Ira--
Here's a useful WWWebsite for questions like yours:
http://www.thedieselshop.us/
Locomotive rosters for most North American railroads, reasonably up to date for the bigger ones. (Kansas City Southern is one of the "Class 1" ones.) Plus assorted other locomotive information (not 100% accurate -- this IS the internet, after all -- but over all pretty good.)
For a long time (??1960s through 1980s??), KCS bought only locomotives built by Electromotive (then a division of GM, now an independent company).
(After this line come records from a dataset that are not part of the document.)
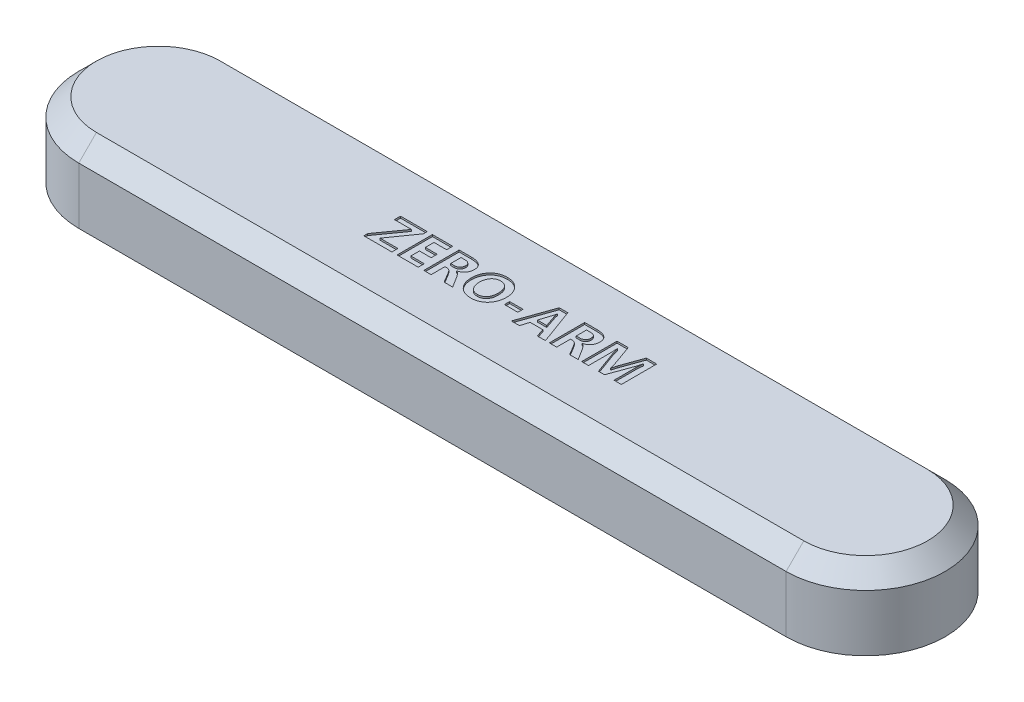
SolidWorks part; units mm, degrees
ref_plane "前视基准面" through (0, 0, 0) normal (0, 0, 1) x (1, 0, 0)
ref_plane "上视基准面" through (0, 0, 0) normal (0, 1, 0) x (1, 0, 0)
ref_plane "右视基准面" through (0, 0, 0) normal (1, 0, 0) x (0, 0, -1)
other "Configuration Table"
sketch "草图1" plane through (0, 0, 0) normal (0, 1, 0) x (1, 0, 0)
  line L1 (-100, 22.5) -> (100, 22.5)
  line L2 (-100, 22.5) -> (-100, -22.5)
  line L3 (-100, -22.5) -> (100, -22.5)
  line L4 (100, 22.5) -> (100, -22.5)
  line L5 (-100, 22.5) -> (100, -22.5) construction
  line L6 (-100, -22.5) -> (100, 22.5) construction
  circle A0 centre (-100, 0) radius 22.5
  circle A1 centre (100, 0) radius 22.5
  point P0 (0, 0)
  dimension "D1" = 200
  dimension "D2" = 45
extrude "凸台-拉伸1" add sketch "草图1" along normal blind 21 contours L2 A0 | L2 A0 | A1 L1 A0 L3 | L4 A1 | L4 A1
chamfer "倒角1" distance 5 angle 45 4 edges at (0, 21, -22.5) (-122.5, 21, 0) (122.5, 21, 0) (0, 21, 22.5)
shell "抽壳1" thickness 2.5
sketch "草图2" plane through (0, 0, 0) normal (0, -1, 0) x (1, 0, 0)
  line L0 (-100, -20) -> (100, -20) construction
  line L1 (-100, 20) -> (100, 20) construction
  line L2 (-100, -20) -> (100, -20)
  line L3 (-100, 20) -> (100, 20)
  line L4 (-100, -21.2) -> (100, -21.2)
  line L5 (-100, 21.2) -> (100, 21.2)
  arc A0 (100, -20) -> (100, 20) centre (100, 0) ccw construction
  arc A1 (-100, 20) -> (-100, -20) centre (-100, 0) ccw construction
  arc A2 (100, -20) -> (100, 20) centre (100, 0) ccw
  arc A3 (-100, 20) -> (-100, -20) centre (-100, 0) ccw
  arc A4 (-100, 21.2) -> (-100, -21.2) centre (-100, 0) ccw
  arc A5 (100, -21.2) -> (100, 21.2) centre (100, 0) ccw
  dimension "D1" = 1.2
extrude "切除-拉伸2" cut sketch "草图2" against normal blind 1.2
sketch "草图4" plane through (0, 18.5, 0) normal (0, -1, 0) x (1, 0, 0)
  line L0 (0, 0) -> (-15, 0) construction
  line L2 (-18.1177, 0) -> (-16.5588, -2.7) construction
  line L3 (-16.5588, -2.7) -> (-13.4412, -2.7) construction
  line L4 (-13.4412, -2.7) -> (-11.8823, 0) construction
  line L5 (-11.8823, 0) -> (-13.4412, 2.7) construction
  line L6 (-13.4412, 2.7) -> (-16.5588, 2.7) construction
  line L7 (-16.5588, 2.7) -> (-18.1177, 0) construction
  circle A0 centre (-15, 0) radius 5
  circle A1 centre (-15, 0) radius 2.7 construction
  dimension "D2" = 5.4
  dimension "D3" = 10
  dimension "D1" = 15
extrude "凸台-拉伸3" add sketch "草图4" along normal offset from surface (17.5 mm away) 1 up to face at (0, 0, 0)
sketch "草图5" plane through (0, 1, 0) normal (0, -1, 0) x (1, 0, 0)
  circle A0 centre (-15, 0) radius 1.6
  dimension "D1" = 3.2
extrude "切除-拉伸3" cut sketch "草图5" against normal blind 10
sketch "草图6" plane through (0, 1, 0) normal (0, -1, 0) x (1, 0, 0)
  line L1 (-13.4123, -2.75) -> (-11.8246, 0)
  line L2 (-11.8246, 0) -> (-13.4123, 2.75)
  line L3 (-13.4123, 2.75) -> (-16.5877, 2.75)
  line L4 (-16.5877, 2.75) -> (-18.1754, 0)
  line L5 (-18.1754, 0) -> (-16.5877, -2.75)
  line L6 (-16.5877, -2.75) -> (-13.4123, -2.75)
  circle A0 centre (-15, 0) radius 2.75 construction
  dimension "D1" = 5.5
extrude "切除-拉伸4" cut sketch "草图6" against normal blind 2.4
mirror "镜向1" about plane through (0, 0, 0) normal (1, 0, 0) of "切除-拉伸4", "凸台-拉伸3", "切除-拉伸3"
sketch "草图7" plane through (0, 21, 0) normal (0, 1, 0) x (1, 0, 0)
  line L0 (0, 0) -> (0, -5) construction
  line L1 (80, -5) -> (-80, -5) construction
  text T0 "<b>ZERO-ARM</b>" font "微软雅黑" height 10
  point P6 (0, 0)
  point P7 (0, -5)
  dimension "D1" = 160
  dimension "D2" = 5
extrude "切除-拉伸5" cut sketch "草图7" against normal blind 0.5

More recently KCS and its Mexican affiliate seem to have been buying equally from Electromotive and General Electric (the two current builders of mainline freight diesels in North America). Earlier-- when first converting from steam to diesel-- KCS had a mix, including some Fairbanks-Morse "Erie-builts": Fairbanks-Morse used GE electrical equipment on these locomotives and subcontracted their assembly to GE's Erie (Pennsylvania) locomotive plant in the late 1940s. The F-M engines in them were high-maintenance, and KCS had the actual diesel engines in the locomotives replaced with EMD engines in the 1950s, before trading in the locomotives in the 1960s.
I have a booklet of locomotive rosters (DPA-LTA publications) from 1973. At that time KCS had 212 locomotives, all built by EMD: 90 dated back to their initial dieselization (they were built between 1946 and 1953), 122 were newer (1959 and later). They had 83 end-cab switchers (an unusually high proportion for mainline railroads at that time): 39 NW-2 and SW-7 from their first generation diesel fleet and 44 SW-1500 built between 1968 and 1972. Their biggest and newest power at that time were 56 SD-40 and SD-40-2 (six-axle, 3000h.p. freight luggers) built between 1968 and 1972.